The potential promise of understanding these impacts is enormous. “If we can make BRCA1 to do its job better, we can restore its capabilities as a tumor suppressor.” Kelly noted. The result could be an early preventive measure and better disease management for BRCA1-related cancers.
These cancers are very invasive, and very aggressive, historically affecting young women and minorities. Not many specific therapies have been developed for them, and the outcomes of those are just barely extending life, tragically leaving people still very sick.
Kelly’s approach to cancer looks at it from the other side of the cell. “Why is something going wrong and what can we do to fix it? That's where we're making an impact. Can we tweak key players to make BRCA1 more stable? If we can tweak it to stabilize DNA, since cancer is a genetic disease, we'd like to combat the disease early on before it even gets to a deadly point for women.”
“Essential to our research is different types of microscopes, different types of chemicals, and drug testing in cells. We harvest protein culprits and study their attributes using cryo-EM. We seek to understand ‘What are they that doing? Can we fix them? Can we kill them, if need be?’ So that's why we claim to look at small things in a big way, and the concept behind structural oncology.”
Kelly’s work involves deep collaboration with multiple departments and facilities, including researchers at the Huck Institutes of the Life Sciences and the Materials Research Institute. Her industry partner, a company named Protochips, fabricates custom-designed microchips that Kelly’s team uses for electron microscopy analysis. “A lot of our work is truly at the intersection of life sciences and materials research,” she said. “Having the ability to do that in a building like the Millennium Science Complex was very attractive to me when I was interviewing and deciding to move my team up here.”
Wrapping up her first year at Penn State, Kelly has set her sights on two big initiatives for 2020.

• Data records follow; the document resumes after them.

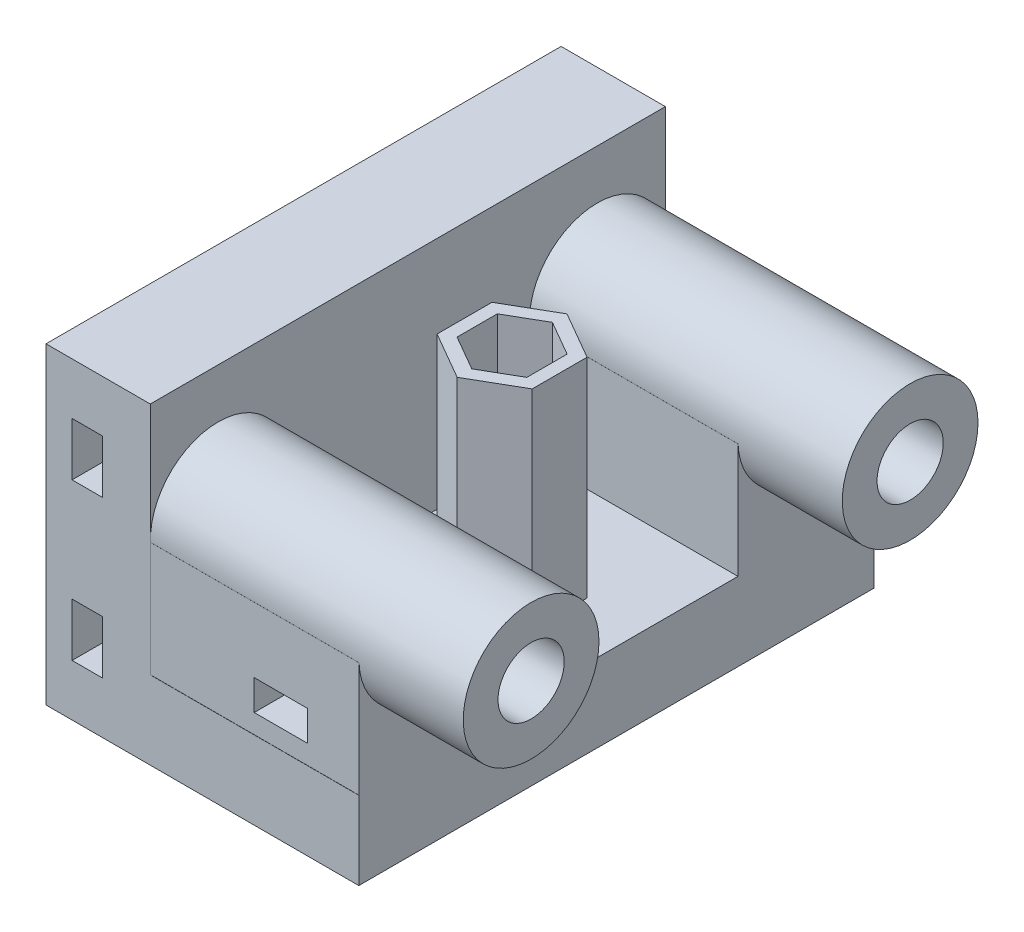
SolidWorks part; units mm, degrees
ref_plane "Front Plane" through (0, 0, 0) normal (0, 0, 1) x (1, 0, 0)
ref_plane "Top Plane" through (0, 0, 0) normal (0, 1, 0) x (1, 0, 0)
ref_plane "Right Plane" through (0, 0, 0) normal (1, 0, 0) x (0, 0, -1)
sketch "Sketch1" plane through (0, 0, 0) normal (1, 0, 0) x (0, 0, -1)
  line L1 (0, 0) -> (88.9, 0)
  line L2 (0, 0) -> (0, 76.2)
  line L3 (0, 76.2) -> (88.9, 76.2)
  line L4 (88.9, 0) -> (88.9, 76.2)
  dimension "D1" = 76.2
  dimension "D2" = 88.9
extrude "Boss-Extrude1" add sketch "Sketch1" along normal blind 25.4
sketch "Sketch2" plane through (0, 0, 0) normal (-1, 0, 0) x (0, 0, 1)
  line L0 (-88.9, 0) -> (-88.9, 76.2) construction
  line L1 (-80.264, 19.05) -> (-88.9, 19.05) construction
  line L2 (-80.264, 57.15) -> (-88.9, 57.15) construction
  line L3 (-44.45, 76.2) -> (-44.45, 0) construction
  line L4 (-88.9, 76.2) -> (0, 76.2) construction
  line L5 (0, 0) -> (-88.9, 0) construction
  circle A0 centre (-80.264, 57.15) radius 4.1021
  circle A1 centre (-80.264, 19.05) radius 4.1021
  circle A2 centre (-8.636, 19.05) radius 4.1021
  circle A3 centre (-8.636, 57.15) radius 4.1021
  dimension "D2" = 8.2042
  dimension "d1" = 19.05
  dimension "D3" = 8.636
  dimension "D4" = 38.1
extrude "Cut-Extrude1" cut sketch "Sketch2" against normal blind 19.05 contours A1 | A3 | A2 | A0 region at (0, 19.05, -80.264) region at (0, 19.05, -8.636) region at (0, 57.15, -8.636)
sketch "Sketch3" plane through (0, 0, 0) normal (0, 0, 1) x (1, 0, 0)
  line L0 (0, 61.2521) -> (0, 53.0479) construction
  line L1 (0, 57.15) -> (13.716, 57.15) construction
  line L2 (6.35, 63.627) -> (13.716, 63.627)
  line L3 (6.35, 63.627) -> (6.35, 50.673)
  line L4 (6.35, 50.673) -> (13.716, 50.673)
  line L5 (0, 38.1) -> (25.4, 38.1) construction
  line L6 (0, 76.2) -> (0, 0) construction
  line L7 (25.4, 76.2) -> (25.4, 0) construction
  line L8 (13.716, 12.573) -> (13.716, 25.527)
  line L9 (0, 61.2521) -> (0, 53.0479)
  line L11 (6.35, 25.527) -> (13.716, 25.527)
  line L12 (13.716, 63.627) -> (13.716, 50.673)
  line L13 (6.35, 12.573) -> (6.35, 25.527)
  line L14 (6.35, 12.573) -> (13.716, 12.573)
  dimension "D1" = 7.366
  dimension "D2" = 12.954
  dimension "D3" = 6.35
extrude "Cut-Extrude2" cut sketch "Sketch3" against normal blind 15.24 contours L12 L2 L3 L4 | L13 L14 L8 L11 region at (10.033, 57.15, 0) region at (10.033, 19.05, 0)
ref_plane "Plane1" through (0, 0, -44.45) normal (0, 0, 1) x (1, 0, 0)
mirror "Mirror1" about plane through (0, 0, -44.45) normal (0, 0, 1) of "Cut-Extrude2"
sketch "Sketch5" plane through (25.4, 0, 0) normal (1, 0, 0) x (0, 0, -1)
  line L0 (88.9, 0) -> (88.9, 76.2) construction
  line L1 (0, 0) -> (88.9, 0)
  line L2 (0, 0) -> (0, 19.05)
  line L3 (0, 19.05) -> (88.9, 19.05)
  line L4 (88.9, 0) -> (88.9, 19.05)
  dimension "D1" = 19.05
extrude "Boss-Extrude2" add sketch "Sketch5" along normal blind 50.8
sketch "Sketch6" plane through (25.4, 0, 0) normal (1, 0, 0) x (0, 0, -1)
  line L0 (-1.7145, 47.625) -> (90.6145, 47.625) construction
  line L3 (44.45, 76.2) -> (44.45, 19.05) construction
  line L4 (88.9, 76.2) -> (0, 76.2) construction
  line L5 (88.9, 19.05) -> (0, 19.05) construction
  line L6 (-1.7145, 47.625) -> (-1.7145, 64.1562) construction
  circle A0 centre (-1.7145, 47.625) radius 8.0645
  circle A1 centre (-1.7145, 47.625) radius 16.5312
  circle A2 centre (90.6145, 47.625) radius 8.0645
  circle A3 centre (90.6145, 47.625) radius 16.5312
  point P8 (44.45, 47.625)
  point P9 (44.45, 47.625)
  dimension "D2" = 16.129
  dimension "D3" = 8.4667
  dimension "D5" = 33.0623
  dimension "D4" = 16.5312
  dimension "V2" = 92.329
extrude "Boss-Extrude3" add sketch "Sketch6" along normal blind 76.2
sketch "Sketch7" plane through (0, 0, 0) normal (0, 0, 1) x (1, 0, 0)
  line L0 (25.4, 19.05) -> (25.4, 0)
  line L9 (25.4, 31.183) -> (25.4, 39.7449)
  line L10 (0, 76.2) -> (0, 0)
  line L11 (0, 0) -> (76.2, 0)
  line L12 (76.2, 0) -> (76.2, 19.05)
  line L13 (76.2, 19.05) -> (25.4, 19.05)
  line L14 (25.4, 19.05) -> (25.4, 31.183)
  line L15 (25.4, 31.183) -> (25.4, 39.7449)
  line L16 (25.4, 39.7449) -> (25.4, 55.5051)
  line L17 (25.4, 39.7449) -> (25.4, 55.5051)
  line L19 (25.4, 76.2) -> (0, 76.2)
  line L20 (0, 76.2) -> (0, 0)
  line L21 (0, 0) -> (76.2, 0)
  line L22 (76.2, 0) -> (76.2, 19.05)
  line L23 (76.2, 19.05) -> (25.4, 19.05)
  line L24 (25.4, 19.05) -> (25.4, 31.183)
  line L26 (25.4, 55.5051) -> (25.4, 64.067)
  line L27 (25.4, 55.5051) -> (25.4, 64.067)
  line L28 (25.4, 64.067) -> (25.4, 76.2)
  line L29 (25.4, 76.2) -> (0, 76.2)
  line L30 (25.4, 64.067) -> (25.4, 76.2)
  line M11 (13.716, 63.627) -> (13.716, 50.673)
  line M12 (13.716, 50.673) -> (6.35, 50.673)
  line M13 (6.35, 50.673) -> (6.35, 63.627)
  line M14 (6.35, 63.627) -> (13.716, 63.627)
  line M15 (0, 76.2) -> (0, 0)
  line M16 (0, 0) -> (76.2, 0)
  line M17 (76.2, 0) -> (76.2, 19.05)
  line M18 (76.2, 19.05) -> (25.4, 19.05)
  line M19 (25.4, 19.05) -> (25.4, 31.183)
  line M20 (25.4, 31.183) -> (25.4, 39.7449)
  line M21 (25.4, 39.7449) -> (25.4, 55.5051)
  line M22 (25.4, 55.5051) -> (25.4, 64.067)
  line M23 (25.4, 64.067) -> (25.4, 76.2)
  line M24 (25.4, 76.2) -> (0, 76.2)
  line M25 (6.35, 12.573) -> (6.35, 25.527)
  line M26 (6.35, 25.527) -> (13.716, 25.527)
  line M27 (13.716, 25.527) -> (13.716, 12.573)
  line M28 (13.716, 12.573) -> (6.35, 12.573)
  dimension "D1" = 0
extrude "Boss-Extrude4" add sketch "Sketch7" along normal blind 18.288 contours L0 M18 M16 M17 | L0 M19 M20 M21 M22 M23 M24 M15 M16 M28 M25 M26 M27 M14 M11 M12 M13 region at (50.8, 9.525, 0) region at (12.9917, 38.1, 0)
mirror "Mirror2" about plane through (0, 0, -44.45) normal (0, 0, 1) of "Boss-Extrude4"
sketch "Sketch8" plane through (0, 19.05, 0) normal (0, 1, 0) x (1, 0, 0)
  line L0 (101.6, 14.8167) -> (25.4, 14.8167) construction
  line L1 (25.4, -18.2457) -> (101.6, -18.2457) construction
  line L2 (101.6, 14.8167) -> (25.4, 14.8167)
  line L3 (25.4, -18.2457) -> (101.6, -18.2457)
  line L4 (25.4, 107.188) -> (25.4, -18.288)
  line L5 (25.4, -18.288) -> (76.2, -18.288)
  line L6 (76.2, -18.288) -> (76.2, 107.188)
  line L7 (76.2, 107.188) -> (25.4, 107.188)
  line L8 (25.4, 107.188) -> (25.4, -18.288)
  line L9 (25.4, -18.288) -> (76.2, -18.288)
  line L10 (76.2, -18.288) -> (76.2, 107.188)
  line L11 (76.2, 107.188) -> (25.4, 107.188)
  line L13 (25.4, 14.8167) -> (76.2, 14.8167)
  line L14 (25.4, 14.8167) -> (25.4, -18.2457)
  line L15 (25.4, -18.2457) -> (76.2, -18.2457)
  line L16 (76.2, 14.8167) -> (76.2, -18.2457)
  line M5 (25.4, 107.188) -> (25.4, -18.288)
  line M7 (76.2, -18.288) -> (76.2, 107.188)
  dimension "D1" = 0
extrude "Boss-Extrude5" add sketch "Sketch8" along normal blind 27.94 contours L3 L2 M5 M7 region at (50.8, 19.05, 1.7145)
sketch "Sketch11" plane through (101.6, 0, 0) normal (1, 0, 0) x (0, 0, -1)
  circle A0 centre (-1.7145, 47.625) radius 8.0645
  circle A1 centre (-1.7145, 47.625) radius 8.0645 construction
extrude "Cut-Extrude5" cut sketch "Sketch11" against normal blind 76.2
sketch "Sketch12" plane through (0, 0, 0) normal (0, -1, 0) x (1, 0, 0)
  line L0 (101.6, -6.35) -> (101.6, 9.779) construction
  line L1 (101.6, -6.35) -> (101.6, 9.779)
  line L2 (101.6, 1.7145) -> (0, 1.7145) construction
  line L3 (0, 18.288) -> (0, -107.188) construction
  line L4 (76.2, -14.8045) -> (76.2, 18.2335) construction
  line L5 (0, 18.288) -> (76.2, 18.288) construction
  line L6 (57.15, -2.3876) -> (57.15, 18.288) construction
  circle A0 centre (57.15, 1.7145) radius 4.1021
  dimension "D2" = 8.2042
  dimension "D3" = 20.6756
  dimension "D1" = 19.05
extrude "Cut-Extrude6" cut sketch "Sketch12" against normal up to next contours L2 A0 | A0 L2 region at (57.15, 0, 1.7145)
sketch "Sketch13" plane through (0, 0, 18.2457) normal (0, 0, 1) x (1, 0, 0)
  line L0 (53.0479, 0) -> (61.2521, 0) construction
  line L1 (53.0479, 0) -> (61.2521, 0)
  line L2 (57.15, 0) -> (57.15, 46.99) construction
  line L3 (25.4, 46.99) -> (76.2, 46.99) construction
  line L4 (76.2, 31.0938) -> (101.6, 31.0938) construction
  line L5 (76.2, 31.0938) -> (101.6, 31.0938)
  line L7 (50.673, 31.0938) -> (63.627, 31.0938)
  line L8 (50.673, 31.0938) -> (50.673, 23.7278)
  line L9 (50.673, 23.7278) -> (63.627, 23.7278)
  line L10 (63.627, 31.0938) -> (63.627, 23.7278)
  point P12 (57.15, 31.0938)
  dimension "D1" = 7.366
  dimension "D2" = 12.954
extrude "Cut-Extrude7" cut sketch "Sketch13" against normal blind 22.9616 contours L2 L9 L10 L7 | L9 L2 L7 L8 region at (53.9115, 27.4108, 18.2457) region at (60.3885, 27.4108, 18.2457)
mirror "Mirror3" about plane through (0, 0, -44.45) normal (0, 0, 1) of "Cut-Extrude7", "Cut-Extrude6", "Boss-Extrude5", "Cut-Extrude5"
sketch "Sketch14" plane through (0, 19.05, 0) normal (0, 1, 0) x (1, 0, 0)
  line L0 (25.4, 44.45) -> (76.2, 44.45) construction
  line L1 (25.4, 74.0833) -> (25.4, 14.8167) construction
  line L2 (76.2, 74.0833) -> (76.2, 14.8167) construction
  line L3 (50.8, 31.0767) -> (59.3, 39.5425) construction
  line L4 (42.3, 39.5425) -> (50.8, 34.635)
  line L5 (50.8, 34.635) -> (59.3, 39.5425)
  line L6 (59.3, 39.5425) -> (59.3, 49.3575)
  line L7 (59.3, 49.3575) -> (50.8, 54.265)
  line L8 (50.8, 54.265) -> (42.3, 49.3575)
  line L9 (42.3, 49.3575) -> (42.3, 39.5425)
  line L10 (50.8, 57.8233) -> (39.2184, 51.1366)
  line L11 (39.2184, 51.1366) -> (39.2184, 37.7634)
  line L12 (39.2184, 37.7634) -> (50.8, 31.0767)
  line L13 (50.8, 31.0767) -> (62.3816, 37.7634)
  line L14 (62.3816, 37.7634) -> (62.3816, 51.1366)
  line L15 (62.3816, 51.1366) -> (50.8, 57.8233)
  circle A0 centre (50.8, 44.45) radius 8.5 construction
  circle A1 centre (50.8, 44.45) radius 11.5816 construction
  circle A2 centre (50.8, 44.45) radius 5.25
  dimension "D2" = 10.5
  dimension "D1" = 17
  dimension "D3" = 8.4658
extrude "Boss-Extrude6" add sketch "Sketch14" along normal blind 50.8 contours L14 L15 L10 L11 L12 L13 L9 L8 L7 L6 L5 L4 region at (56.4139, 19.05, -54.1736)
extrude "Cut-Extrude8" cut sketch "Sketch14<3>" against normal up to next contours A2 region at (50.8, 19.05, -44.45)
sketch "Sketch14<3>" plane through (0, 19.05, 0) normal (0, 1, 0) x (1, 0, 0) same geometry as "Sketch14"
sketch "Sketch15" plane through (0, 0, 0) normal (0, -1, 0) x (1, 0, 0)
  line L1 (59.35, -39.5137) -> (50.8, -34.5773)
  line L2 (50.8, -34.5773) -> (42.25, -39.5137)
  line L3 (42.25, -39.5137) -> (42.25, -49.3863)
  line L4 (42.25, -49.3863) -> (50.8, -54.3227)
  line L5 (50.8, -54.3227) -> (59.35, -49.3863)
  line L6 (59.35, -49.3863) -> (59.35, -39.5137)
  circle A0 centre (50.8, -44.45) radius 8.55 construction
  dimension "D1" = 17.1
extrude "Cut-Extrude9" cut sketch "Sketch15" against normal blind 9
equation "\"d1\"= 0.75"
equation "\"d1@Sketch2\"  = \"d1\""
equation "\"V1\"= \"D2@Sketch6\""
equation "\"V2\"= \"V1\" + 3"

First, she wants to spearhead a Penn State “Tech-Crunch Cancer Edition,” which she envisions as a pitch competition among students, graduates and undergraduates to develop an app or some sort of computational technological intervention in the cancer space. Penn State’s College of Engineering is working up a biosensor initiative that she hopes to tap into for yet further collaborative explorations.
Second, inspired by the work of Dr. George-Lucian Moldovan at the Penn State Cancer Institute, Kelly is working with the Moldovan Lab to develop a CRISPR Cancer Consortium of Patient Origins, which they have playfully named C3-PO. The team hopes to convene a consortium of people to help advance gene editing technologies at the university and across the medical campus to synergize people around that technology.
“There’s so much that can be done across disciplines, “Kelly enthused. “You can find the right group of motivated people and they just go at it. It’s fantastic. That’s part of what’s great about being a biomedical engineer; you can do bio stuff, and medical stuff, and high-resolution imaging. It cuts across many different aspects of science, and yeah, my team and I are very pleased to be here.”